___ Input for this task ___

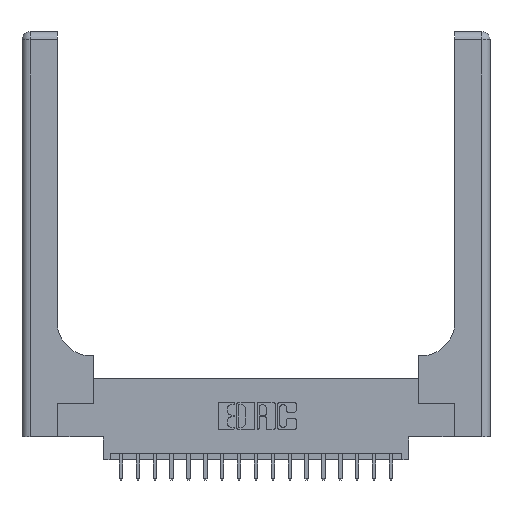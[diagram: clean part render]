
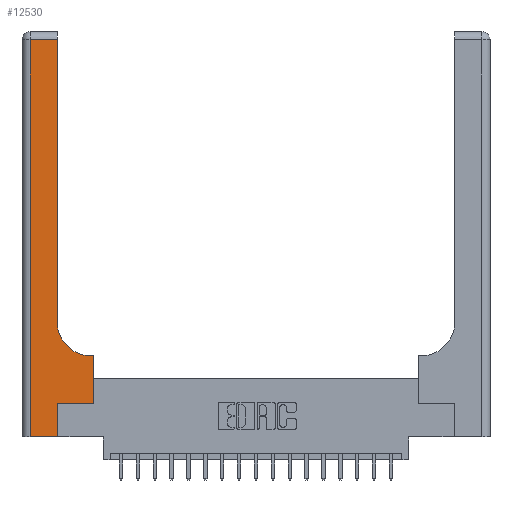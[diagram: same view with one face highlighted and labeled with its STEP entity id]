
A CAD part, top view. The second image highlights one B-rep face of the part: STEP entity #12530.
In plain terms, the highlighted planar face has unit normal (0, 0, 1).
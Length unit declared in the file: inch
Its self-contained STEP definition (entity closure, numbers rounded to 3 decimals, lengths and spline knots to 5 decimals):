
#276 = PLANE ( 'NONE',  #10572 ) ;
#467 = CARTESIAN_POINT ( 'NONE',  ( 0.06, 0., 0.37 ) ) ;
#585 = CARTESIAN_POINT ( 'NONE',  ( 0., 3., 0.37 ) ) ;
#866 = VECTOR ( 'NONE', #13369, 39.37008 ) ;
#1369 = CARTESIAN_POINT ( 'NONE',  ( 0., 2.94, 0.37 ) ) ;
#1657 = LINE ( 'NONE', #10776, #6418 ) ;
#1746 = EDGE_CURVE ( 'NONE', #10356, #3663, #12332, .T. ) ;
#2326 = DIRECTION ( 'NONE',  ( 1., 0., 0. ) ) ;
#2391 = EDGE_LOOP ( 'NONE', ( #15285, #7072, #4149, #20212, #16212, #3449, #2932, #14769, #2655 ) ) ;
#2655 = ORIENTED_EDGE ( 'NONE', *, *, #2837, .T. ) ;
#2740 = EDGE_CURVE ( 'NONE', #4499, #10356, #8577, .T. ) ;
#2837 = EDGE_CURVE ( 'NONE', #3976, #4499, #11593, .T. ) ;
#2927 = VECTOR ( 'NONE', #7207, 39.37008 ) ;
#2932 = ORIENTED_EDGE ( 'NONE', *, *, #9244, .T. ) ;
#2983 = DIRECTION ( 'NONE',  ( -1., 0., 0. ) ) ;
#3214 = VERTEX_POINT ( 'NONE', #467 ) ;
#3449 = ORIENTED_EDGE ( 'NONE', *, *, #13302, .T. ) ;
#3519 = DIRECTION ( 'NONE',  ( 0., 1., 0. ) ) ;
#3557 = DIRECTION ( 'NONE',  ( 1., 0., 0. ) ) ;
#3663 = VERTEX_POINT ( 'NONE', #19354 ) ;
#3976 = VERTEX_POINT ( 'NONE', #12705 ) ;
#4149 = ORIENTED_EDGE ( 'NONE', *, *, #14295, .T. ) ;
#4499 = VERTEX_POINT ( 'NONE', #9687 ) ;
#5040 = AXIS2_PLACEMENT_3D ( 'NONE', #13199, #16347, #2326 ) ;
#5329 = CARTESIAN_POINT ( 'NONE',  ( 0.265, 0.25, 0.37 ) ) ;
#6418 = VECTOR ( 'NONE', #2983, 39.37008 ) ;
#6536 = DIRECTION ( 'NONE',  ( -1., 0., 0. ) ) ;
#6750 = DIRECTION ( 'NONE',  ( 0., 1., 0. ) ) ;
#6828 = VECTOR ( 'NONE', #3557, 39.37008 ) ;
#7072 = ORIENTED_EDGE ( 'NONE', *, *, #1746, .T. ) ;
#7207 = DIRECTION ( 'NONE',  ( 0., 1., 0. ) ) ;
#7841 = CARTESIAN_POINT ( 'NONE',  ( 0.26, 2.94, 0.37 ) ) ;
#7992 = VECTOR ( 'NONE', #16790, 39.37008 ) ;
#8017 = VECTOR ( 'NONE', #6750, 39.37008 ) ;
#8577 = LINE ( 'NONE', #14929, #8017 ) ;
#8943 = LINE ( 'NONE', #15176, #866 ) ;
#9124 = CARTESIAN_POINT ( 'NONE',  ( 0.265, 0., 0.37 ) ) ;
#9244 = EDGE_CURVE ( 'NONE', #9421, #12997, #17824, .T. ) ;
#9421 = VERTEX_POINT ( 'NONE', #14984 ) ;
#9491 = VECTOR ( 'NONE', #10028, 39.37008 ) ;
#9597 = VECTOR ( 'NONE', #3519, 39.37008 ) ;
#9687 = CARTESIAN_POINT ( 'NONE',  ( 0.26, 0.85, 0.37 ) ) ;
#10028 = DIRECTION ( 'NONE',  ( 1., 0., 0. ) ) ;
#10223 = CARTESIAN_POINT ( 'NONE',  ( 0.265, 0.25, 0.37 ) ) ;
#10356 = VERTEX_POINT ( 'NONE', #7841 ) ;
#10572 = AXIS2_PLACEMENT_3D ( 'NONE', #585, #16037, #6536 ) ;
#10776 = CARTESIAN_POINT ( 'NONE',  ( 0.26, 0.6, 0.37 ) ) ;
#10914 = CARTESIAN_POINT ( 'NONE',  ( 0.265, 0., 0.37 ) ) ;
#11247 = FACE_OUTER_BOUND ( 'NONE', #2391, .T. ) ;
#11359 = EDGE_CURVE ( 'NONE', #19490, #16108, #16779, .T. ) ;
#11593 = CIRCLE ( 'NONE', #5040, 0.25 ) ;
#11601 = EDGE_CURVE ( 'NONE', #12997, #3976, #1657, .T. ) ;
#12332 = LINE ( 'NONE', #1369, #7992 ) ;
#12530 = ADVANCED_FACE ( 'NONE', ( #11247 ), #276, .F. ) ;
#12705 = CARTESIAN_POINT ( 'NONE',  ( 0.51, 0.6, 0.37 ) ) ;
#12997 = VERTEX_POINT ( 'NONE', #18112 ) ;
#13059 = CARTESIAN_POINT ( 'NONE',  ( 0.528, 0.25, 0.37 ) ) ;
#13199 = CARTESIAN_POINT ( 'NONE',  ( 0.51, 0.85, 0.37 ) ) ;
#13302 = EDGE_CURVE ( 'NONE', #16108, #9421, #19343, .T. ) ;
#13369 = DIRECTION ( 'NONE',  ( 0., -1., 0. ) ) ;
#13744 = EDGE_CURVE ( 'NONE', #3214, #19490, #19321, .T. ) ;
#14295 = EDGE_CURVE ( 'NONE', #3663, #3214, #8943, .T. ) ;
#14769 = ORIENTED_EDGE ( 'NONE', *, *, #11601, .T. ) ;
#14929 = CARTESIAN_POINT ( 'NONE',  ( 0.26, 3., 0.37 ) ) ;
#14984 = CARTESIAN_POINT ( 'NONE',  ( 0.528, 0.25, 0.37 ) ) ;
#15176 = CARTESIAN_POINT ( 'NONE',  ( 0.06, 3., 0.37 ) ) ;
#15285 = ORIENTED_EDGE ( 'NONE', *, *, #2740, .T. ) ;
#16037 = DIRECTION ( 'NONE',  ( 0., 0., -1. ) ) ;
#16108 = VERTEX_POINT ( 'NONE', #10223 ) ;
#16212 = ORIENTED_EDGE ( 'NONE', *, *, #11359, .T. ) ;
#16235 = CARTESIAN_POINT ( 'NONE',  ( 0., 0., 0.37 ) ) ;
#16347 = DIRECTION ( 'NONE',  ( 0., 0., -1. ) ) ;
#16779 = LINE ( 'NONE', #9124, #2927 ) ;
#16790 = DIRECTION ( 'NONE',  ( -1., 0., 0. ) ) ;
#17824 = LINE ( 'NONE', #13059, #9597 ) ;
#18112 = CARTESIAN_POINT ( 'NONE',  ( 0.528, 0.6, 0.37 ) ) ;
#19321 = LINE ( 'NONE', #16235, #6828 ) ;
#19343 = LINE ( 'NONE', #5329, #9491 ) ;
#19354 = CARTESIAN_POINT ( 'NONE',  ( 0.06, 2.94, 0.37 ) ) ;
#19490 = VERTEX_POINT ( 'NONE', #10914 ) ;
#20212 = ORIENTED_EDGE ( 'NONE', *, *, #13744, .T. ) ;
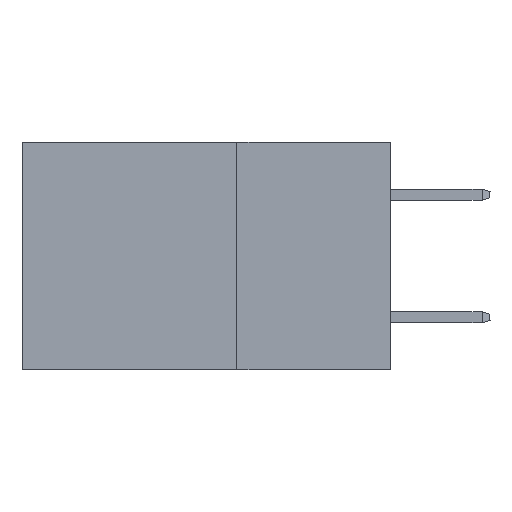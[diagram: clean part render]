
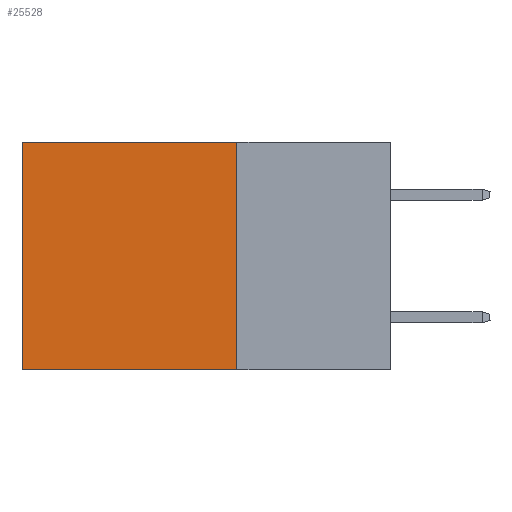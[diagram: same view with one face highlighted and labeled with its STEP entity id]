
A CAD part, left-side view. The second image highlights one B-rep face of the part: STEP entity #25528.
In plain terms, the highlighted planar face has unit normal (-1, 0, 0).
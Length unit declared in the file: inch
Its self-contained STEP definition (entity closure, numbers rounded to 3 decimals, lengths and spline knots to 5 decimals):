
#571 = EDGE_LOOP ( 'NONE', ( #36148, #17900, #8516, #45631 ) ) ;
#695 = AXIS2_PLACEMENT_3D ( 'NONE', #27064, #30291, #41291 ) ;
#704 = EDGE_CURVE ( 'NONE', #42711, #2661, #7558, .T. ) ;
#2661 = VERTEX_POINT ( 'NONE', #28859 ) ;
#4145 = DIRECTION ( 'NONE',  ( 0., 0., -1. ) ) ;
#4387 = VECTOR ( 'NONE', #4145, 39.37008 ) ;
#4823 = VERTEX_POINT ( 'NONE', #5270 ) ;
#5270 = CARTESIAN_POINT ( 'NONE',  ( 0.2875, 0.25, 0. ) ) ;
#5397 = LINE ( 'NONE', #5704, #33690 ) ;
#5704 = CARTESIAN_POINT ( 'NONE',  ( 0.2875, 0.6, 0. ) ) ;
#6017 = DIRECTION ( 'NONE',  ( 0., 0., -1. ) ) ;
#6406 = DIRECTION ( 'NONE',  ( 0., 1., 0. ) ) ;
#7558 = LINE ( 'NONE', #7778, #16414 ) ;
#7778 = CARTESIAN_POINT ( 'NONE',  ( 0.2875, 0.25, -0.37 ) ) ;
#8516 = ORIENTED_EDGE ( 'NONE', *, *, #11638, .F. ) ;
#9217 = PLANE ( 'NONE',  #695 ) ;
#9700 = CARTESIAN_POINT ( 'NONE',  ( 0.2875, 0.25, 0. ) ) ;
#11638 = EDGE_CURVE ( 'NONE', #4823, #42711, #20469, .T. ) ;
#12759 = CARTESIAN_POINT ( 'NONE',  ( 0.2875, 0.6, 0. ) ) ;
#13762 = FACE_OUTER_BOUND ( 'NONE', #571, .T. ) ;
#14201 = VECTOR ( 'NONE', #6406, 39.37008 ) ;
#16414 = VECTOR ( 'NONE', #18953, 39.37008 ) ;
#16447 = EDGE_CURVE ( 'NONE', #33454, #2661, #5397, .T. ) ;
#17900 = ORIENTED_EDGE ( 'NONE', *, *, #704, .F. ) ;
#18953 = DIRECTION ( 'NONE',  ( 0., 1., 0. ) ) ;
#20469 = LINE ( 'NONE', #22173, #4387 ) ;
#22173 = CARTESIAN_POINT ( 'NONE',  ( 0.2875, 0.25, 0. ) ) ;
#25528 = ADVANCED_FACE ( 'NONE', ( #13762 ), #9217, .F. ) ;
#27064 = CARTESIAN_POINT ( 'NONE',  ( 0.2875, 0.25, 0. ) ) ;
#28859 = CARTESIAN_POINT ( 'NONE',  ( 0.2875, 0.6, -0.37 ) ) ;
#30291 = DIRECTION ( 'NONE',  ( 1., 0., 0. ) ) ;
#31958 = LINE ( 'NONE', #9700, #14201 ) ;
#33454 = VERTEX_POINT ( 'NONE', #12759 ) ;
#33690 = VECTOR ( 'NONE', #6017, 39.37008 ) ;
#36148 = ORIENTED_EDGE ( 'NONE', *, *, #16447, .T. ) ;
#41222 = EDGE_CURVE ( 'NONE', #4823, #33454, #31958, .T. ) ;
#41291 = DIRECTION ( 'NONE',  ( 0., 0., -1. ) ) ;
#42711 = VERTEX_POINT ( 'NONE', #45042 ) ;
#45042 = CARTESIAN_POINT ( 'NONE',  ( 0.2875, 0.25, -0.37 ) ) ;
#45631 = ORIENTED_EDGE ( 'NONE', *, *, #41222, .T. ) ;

___

Requirement: Keep only those lines of the records that hold "VECTOR", and return them.

Response:
#866 = VECTOR ( 'NONE', #13369, 39.37008 ) ;
#2927 = VECTOR ( 'NONE', #7207, 39.37008 ) ;
#6418 = VECTOR ( 'NONE', #2983, 39.37008 ) ;
#6828 = VECTOR ( 'NONE', #3557, 39.37008 ) ;
#7992 = VECTOR ( 'NONE', #16790, 39.37008 ) ;
#8017 = VECTOR ( 'NONE', #6750, 39.37008 ) ;
#9491 = VECTOR ( 'NONE', #10028, 39.37008 ) ;
#9597 = VECTOR ( 'NONE', #3519, 39.37008 ) ;
#4387 = VECTOR ( 'NONE', #4145, 39.37008 ) ;
#14201 = VECTOR ( 'NONE', #6406, 39.37008 ) ;
#16414 = VECTOR ( 'NONE', #18953, 39.37008 ) ;
#33690 = VECTOR ( 'NONE', #6017, 39.37008 ) ;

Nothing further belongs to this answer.